The misery of superstorm Sandy's devastation grew Tuesday as millions in the U.S. East Coast on Tuesday were left without electricity, shutting down New York’s stock markets, suspending its public transportation and halting the country’s presidential race campaigns.
The U.S. death toll climbed to 35, many of the victims killed by falling trees, and rescue work continued.
The storm that made landfall in New Jersey on Monday evening with hurricane force cut power to more than 8.2 million across the East and put the presidential campaign on hold just one week before Election Day.
Firefighters battled blazes and carried out rescues in flooded houses a day after the storm set off an explosion at a power station, while scores of homes were destroyed by fire, officials said.
Subway trains and buses remained suspended for a third day and hundreds of thousands of homes face up to a week without electricity, the power company warned.
Runways at New York's three main airports were flooded extending the international air chaos caused by the storm, though John F. Kennedy airport could reopen Wednesday, officials said. The New York stock exchange was closed for a second day.
In a press conference on Tuesday, 10 storm deaths in the city were reported by Mayor Michael Bloomberg, who warned the toll could rise.
One man was crushed by a tree in Queens. Bloomberg said another person stepped in a puddle in which there was an electric wire and two people were found drowned in a flooded house.
Firefighters battled 23 serious fires some of which continued Tuesday, Bloomberg told a press conference. He said 80 homes were destroyed.
A spectacular explosion at a Manhattan electricity sub-station cut power to 193,000 homes on the island. While about 300,000 other homes in New York lost electricity as Sandy tore down trees and flooded power transmission facilities.
“Don't be surprised if it takes a week” to get power back, warned Con Edison electricity company spokesman Alfonso Quiroz.
Metropolitan Transportation Authority (MTA) president Joseph Lhota said the New York subway “has never faced a disaster as devastating as what we experienced last night.”
Some subway stations had water above platform level and it was expected to be several days before trains were fully operational again.
New York University's Tisch hospital had to evacuate more than 200 patients, including about 20 babies, when it was caught in the power cuts and its backup generator failed. Long lines of ambulances were still taking patients away on Tuesday morning.
Safety experts also nervously watched a crane over a 90 story luxury apartment block that buckled in the gale force winds.
The boom of the crane swayed in the fierce gusts over streets near Central Park, which police and fire services evacuated because of the risk that it could fall.
In another spectacular demonstration of its power, the hurricane pulled off the facade of a three-story building in the Chelsea district. No injuries were reported.

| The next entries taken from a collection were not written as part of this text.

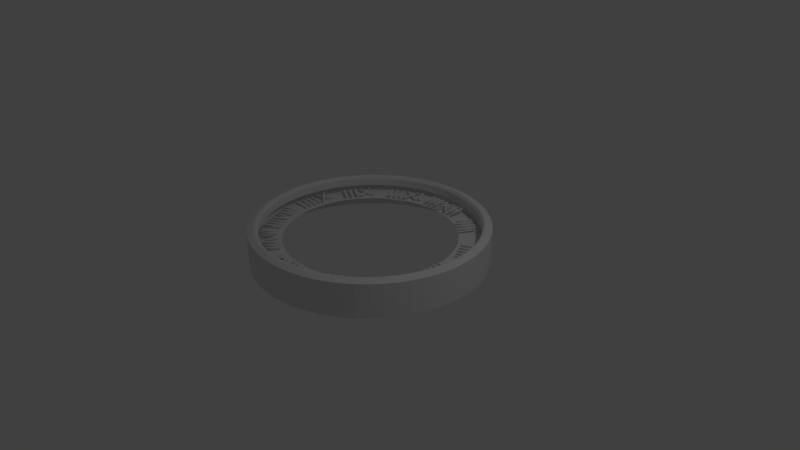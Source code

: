 # Source: cloock.blend  (saved by Blender 2.78.0; exported with 4.5.12 LTS)
import bpy
from mathutils import Matrix  # noqa: F401  (used for matrix-valued properties, if any)

bpy.ops.wm.read_factory_settings(use_empty=True)
scene = bpy.context.scene
scene.name = 'Scene'

# ---- collections
col_collection_1 = bpy.data.collections.new('Collection 1'); scene.collection.children.link(col_collection_1)

# ---- world
world_world = bpy.data.worlds.new('World'); scene.world = world_world
world_world.color = (0.05088, 0.05088, 0.05088)
world_world.use_sun_shadow = False
world_world.sun_shadow_jitter_overblur = 0.0
world_world.cycles.sampling_method = 'MANUAL'

# ---- cameras
cam_camera = bpy.data.cameras.new('Camera')
cam_camera.clip_end = 100.0
cam_camera.lens = 35.0
cam_camera.sensor_width = 32.0
cam_camera.sensor_height = 18.0
cam_camera.ortho_scale = 7.314
cam_camera.dof.focus_distance = 0.0
cam_camera.dof.aperture_fstop = 128.0

# ---- lights
light_lamp = bpy.data.lights.new('Lamp', 'POINT')
light_lamp.transmission_factor = 0.0
light_lamp.cutoff_distance = 30.0
light_lamp.energy = 100.0
light_lamp.shadow_buffer_clip_start = 1.001
light_lamp.shadow_soft_size = 0.1
light_lamp.shadow_maximum_resolution = 0.006
light_lamp.use_absolute_resolution = True

# ---- meshes
me_x = bpy.data.meshes.new('円')
me_x.from_pydata([(0.0, 1.05, 0.0), (-0.525, 0.9093, 0.0), (-0.9093, 0.525, 0.0), (-1.05, -4.59e-08, 0.0), (-0.9093, -0.525, 0.0), (-0.525, -0.9093, 0.0), (-1.585e-07, -1.05, 0.0), (0.525, -0.9093, 0.0), (0.9093, -0.525, 0.0), (1.05, -4.882e-07, 0.0), (0.9093, 0.525, 0.0), (0.525, 0.9093, 0.0)], [(1, 0), (2, 1), (3, 2), (4, 3), (5, 4), (6, 5), (7, 6), (8, 7), (9, 8), (10, 9), (11, 10), (0, 11)], [])
me_x.use_remesh_preserve_volume = False
me_x.use_remesh_preserve_attributes = False
me_x.use_mirror_vertex_groups = False
me_x.update()
me_002 = bpy.data.meshes.new('円.002')
me_002.from_pydata([(3.961e-07, -1.544, 0.0), (0.1614, -1.536, 0.0), (0.321, -1.51, 0.0), (0.4771, -1.468, 0.0), (0.628, -1.411, 0.0), (0.772, -1.337, 0.0), (0.9075, -1.249, 0.0), (1.033, -1.147, 0.0), (1.147, -1.033, 0.0), (1.249, -0.9075, 0.0), (1.337, -0.772, 0.0), (1.411, -0.628, 0.0), (1.468, -0.4771, 0.0), (1.51, -0.321, 0.0), (1.536, -0.1614, 0.0), (1.544, -2.149e-06, 0.0), (1.536, 0.1614, 0.0), (1.51, 0.321, 0.0), (1.468, 0.4771, 0.0), (1.411, 0.628, 0.0), (1.337, 0.772, 0.0), (1.249, 0.9075, 0.0), (1.147, 1.033, 0.0), (1.033, 1.147, 0.0), (0.9075, 1.249, 0.0), (0.772, 1.337, 0.0), (0.628, 1.411, 0.0), (0.4771, 1.468, 0.0), (0.321, 1.51, 0.0), (0.1614, 1.536, 0.0), (2.102e-06, 1.544, 0.0), (-0.1614, 1.536, 0.0), (-0.321, 1.51, 0.0), (-0.4771, 1.468, 0.0), (-0.628, 1.411, 0.0), (-0.772, 1.337, 0.0), (-0.9075, 1.249, 0.0), (-1.033, 1.147, 0.0), (-1.147, 1.033, 0.0), (-1.249, 0.9075, 0.0), (-1.337, 0.772, 0.0), (-1.411, 0.628, 0.0), (-1.468, 0.4771, 0.0), (-1.51, 0.321, 0.0), (-1.536, 0.1614, 0.0), (-1.544, 2.183e-06, 0.0), (-1.536, -0.1614, 0.0), (-1.51, -0.321, 0.0), (-1.468, -0.4771, 0.0), (-1.411, -0.628, 0.0), (-1.337, -0.772, 0.0), (-1.249, -0.9075, 0.0), (-1.147, -1.033, 0.0), (-1.033, -1.147, 0.0), (-0.9075, -1.249, 0.0), (-0.772, -1.337, 0.0), (-0.628, -1.411, 0.0), (-0.4771, -1.468, 0.0), (-0.321, -1.51, 0.0), (-0.1614, -1.536, 0.0), (3.961e-07, -1.544, 0.449), (0.1614, -1.536, 0.449), (0.321, -1.51, 0.449), (0.4771, -1.468, 0.449), (0.628, -1.411, 0.449), (0.772, -1.337, 0.449), (0.9075, -1.249, 0.449), (1.033, -1.147, 0.449), (1.147, -1.033, 0.449), (1.249, -0.9075, 0.449), (1.337, -0.772, 0.449), (1.411, -0.628, 0.449), (1.468, -0.4771, 0.449), (1.51, -0.321, 0.449), (1.536, -0.1614, 0.449), (1.544, -2.149e-06, 0.449), (1.536, 0.1614, 0.449), (1.51, 0.321, 0.449), (1.468, 0.4771, 0.449), (1.411, 0.628, 0.449), (1.337, 0.772, 0.449), (1.249, 0.9075, 0.449), (1.147, 1.033, 0.449), (1.033, 1.147, 0.449), (0.9075, 1.249, 0.449), (0.772, 1.337, 0.449), (0.628, 1.411, 0.449), (0.4771, 1.468, 0.449), (0.321, 1.51, 0.449), (0.1614, 1.536, 0.449), (2.102e-06, 1.544, 0.449), (-0.1614, 1.536, 0.449), (-0.321, 1.51, 0.449), (-0.4771, 1.468, 0.449), (-0.628, 1.411, 0.449), (-0.772, 1.337, 0.449), (-0.9075, 1.249, 0.449), (-1.033, 1.147, 0.449), (-1.147, 1.033, 0.449), (-1.249, 0.9075, 0.449), (-1.337, 0.772, 0.449), (-1.411, 0.628, 0.449), (-1.468, 0.4771, 0.449), (-1.51, 0.321, 0.449), (-1.536, 0.1614, 0.449), (-1.544, 2.183e-06, 0.449), (-1.536, -0.1614, 0.449), (-1.51, -0.321, 0.449), (-1.468, -0.4771, 0.449), (-1.411, -0.628, 0.449), (-1.337, -0.772, 0.449), (-1.249, -0.9075, 0.449), (-1.147, -1.033, 0.449), (-1.033, -1.147, 0.449), (-0.9075, -1.249, 0.449), (-0.772, -1.337, 0.449), (-0.628, -1.411, 0.449), (-0.4771, -1.468, 0.449), (-0.321, -1.51, 0.449), (-0.1614, -1.536, 0.449), (3.747e-07, -1.466, 0.48), (0.1533, -1.458, 0.48), (0.3048, -1.434, 0.48), (0.4531, -1.394, 0.48), (0.5964, -1.339, 0.48), (0.7331, -1.27, 0.48), (0.8618, -1.186, 0.48), (0.9811, -1.09, 0.48), (1.09, -0.9811, 0.48), (1.186, -0.8618, 0.48), (1.27, -0.7331, 0.48), (1.339, -0.5964, 0.48), (1.394, -0.4531, 0.48), (1.434, -0.3048, 0.48), (1.458, -0.1533, 0.48), (1.466, -2.083e-06, 0.48), (1.458, 0.1533, 0.48), (1.434, 0.3048, 0.48), (1.394, 0.4531, 0.48), (1.339, 0.5964, 0.48), (1.27, 0.7331, 0.48), (1.186, 0.8618, 0.48), (1.09, 0.9811, 0.48), (0.9811, 1.09, 0.48), (0.8618, 1.186, 0.48), (0.7331, 1.27, 0.48), (0.5964, 1.339, 0.48), (0.4531, 1.394, 0.48), (0.3048, 1.434, 0.48), (0.1533, 1.458, 0.48), (1.994e-06, 1.466, 0.48), (-0.1533, 1.458, 0.48), (-0.3048, 1.434, 0.48), (-0.4531, 1.394, 0.48), (-0.5964, 1.339, 0.48), (-0.7331, 1.27, 0.48), (-0.8618, 1.186, 0.48), (-0.9811, 1.09, 0.48), (-1.09, 0.9811, 0.48), (-1.186, 0.8618, 0.48), (-1.27, 0.7331, 0.48), (-1.339, 0.5964, 0.48), (-1.394, 0.4531, 0.48), (-1.434, 0.3048, 0.48), (-1.458, 0.1533, 0.48), (-1.466, 2.03e-06, 0.48), (-1.458, -0.1533, 0.48), (-1.434, -0.3048, 0.48), (-1.394, -0.4531, 0.48), (-1.339, -0.5964, 0.48), (-1.27, -0.7331, 0.48), (-1.186, -0.8618, 0.48), (-1.09, -0.9811, 0.48), (-0.9811, -1.09, 0.48), (-0.8618, -1.186, 0.48), (-0.7331, -1.27, 0.48), (-0.5964, -1.339, 0.48), (-0.4531, -1.394, 0.48), (-0.3048, -1.434, 0.48), (-0.1533, -1.458, 0.48), (3.669e-07, -1.437, 0.48), (0.1502, -1.429, 0.48), (0.2988, -1.406, 0.48), (0.4441, -1.367, 0.48), (0.5845, -1.313, 0.48), (0.7186, -1.245, 0.48), (0.8447, -1.163, 0.48), (0.9617, -1.068, 0.48), (1.068, -0.9617, 0.48), (1.163, -0.8447, 0.48), (1.245, -0.7186, 0.48), (1.313, -0.5846, 0.48), (1.367, -0.4441, 0.48), (1.406, -0.2988, 0.48), (1.429, -0.1502, 0.48), (1.437, -2.059e-06, 0.48), (1.429, 0.1502, 0.48), (1.406, 0.2988, 0.48), (1.367, 0.4441, 0.48), (1.313, 0.5845, 0.48), (1.245, 0.7186, 0.48), (1.163, 0.8447, 0.48), (1.068, 0.9617, 0.48), (0.9617, 1.068, 0.48), (0.8447, 1.163, 0.48), (0.7186, 1.245, 0.48), (0.5846, 1.313, 0.48), (0.4441, 1.367, 0.48), (0.2988, 1.406, 0.48), (0.1502, 1.429, 0.48), (1.955e-06, 1.437, 0.48), (-0.1502, 1.429, 0.48), (-0.2988, 1.406, 0.48), (-0.4441, 1.367, 0.48), (-0.5845, 1.313, 0.48), (-0.7186, 1.245, 0.48), (-0.8447, 1.163, 0.48), (-0.9617, 1.068, 0.48), (-1.068, 0.9617, 0.48), (-1.163, 0.8447, 0.48), (-1.245, 0.7186, 0.48), (-1.313, 0.5846, 0.48), (-1.367, 0.4441, 0.48), (-1.406, 0.2988, 0.48), (-1.429, 0.1502, 0.48), (-1.437, 1.973e-06, 0.48), (-1.429, -0.1502, 0.48), (-1.406, -0.2988, 0.48), (-1.367, -0.4441, 0.48), (-1.313, -0.5845, 0.48), (-1.245, -0.7186, 0.48), (-1.163, -0.8447, 0.48), (-1.068, -0.9617, 0.48), (-0.9617, -1.068, 0.48), (-0.8448, -1.163, 0.48), (-0.7186, -1.245, 0.48), (-0.5846, -1.313, 0.48), (-0.4441, -1.367, 0.48), (-0.2988, -1.406, 0.48), (-0.1502, -1.429, 0.48), (3.625e-07, -1.413, 0.4467), (0.1477, -1.405, 0.4467), (0.2937, -1.382, 0.4467), (0.4366, -1.344, 0.4467), (0.5746, -1.291, 0.4467), (0.7064, -1.224, 0.4467), (0.8304, -1.143, 0.4467), (0.9454, -1.05, 0.4467), (1.05, -0.9454, 0.4467), (1.143, -0.8304, 0.4467), (1.224, -0.7064, 0.4467), (1.291, -0.5746, 0.4467), (1.344, -0.4366, 0.4467), (1.382, -0.2937, 0.4467), (1.405, -0.1477, 0.4467), (1.413, -2.039e-06, 0.4467), (1.405, 0.1477, 0.4467), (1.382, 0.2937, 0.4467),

U.S. Campaigns muffled a week before Election Day
Super storm Sandy muffled campaigning a week from the U.S. election, as President Barack Obama cancels campaign events Wednesday due to storm, according to the White House.
Obama held a video-teleconference with top officials in the Situation Room of the White House on the latest developments associated with Sandy.
Republican nominee Romney had also put campaigning on hold, but tried to show compassion by holding what his campaign billed as a “storm relief” event in swing state Ohio.
Campaign teams were meanwhile left calculating the ramifications of the storm, which effectively froze the race in place by muting the main protagonists and consuming news coverage a week from election day.
Efforts to reopen Wall Street
New York's stock markets will likely reopen on Wednesday after a two-day shutdown due to Hurricane Sandy, despite the widespread power outages and flooding still affecting the city, New York state governor Andrew Cuomo said.
“I spoke with (U.S. Treasury Secretary) Tim Geithner about accelerating the return of Wall Street and we are cautiously optimistic that Wall Street will be back online tomorrow,” he said Tuesday.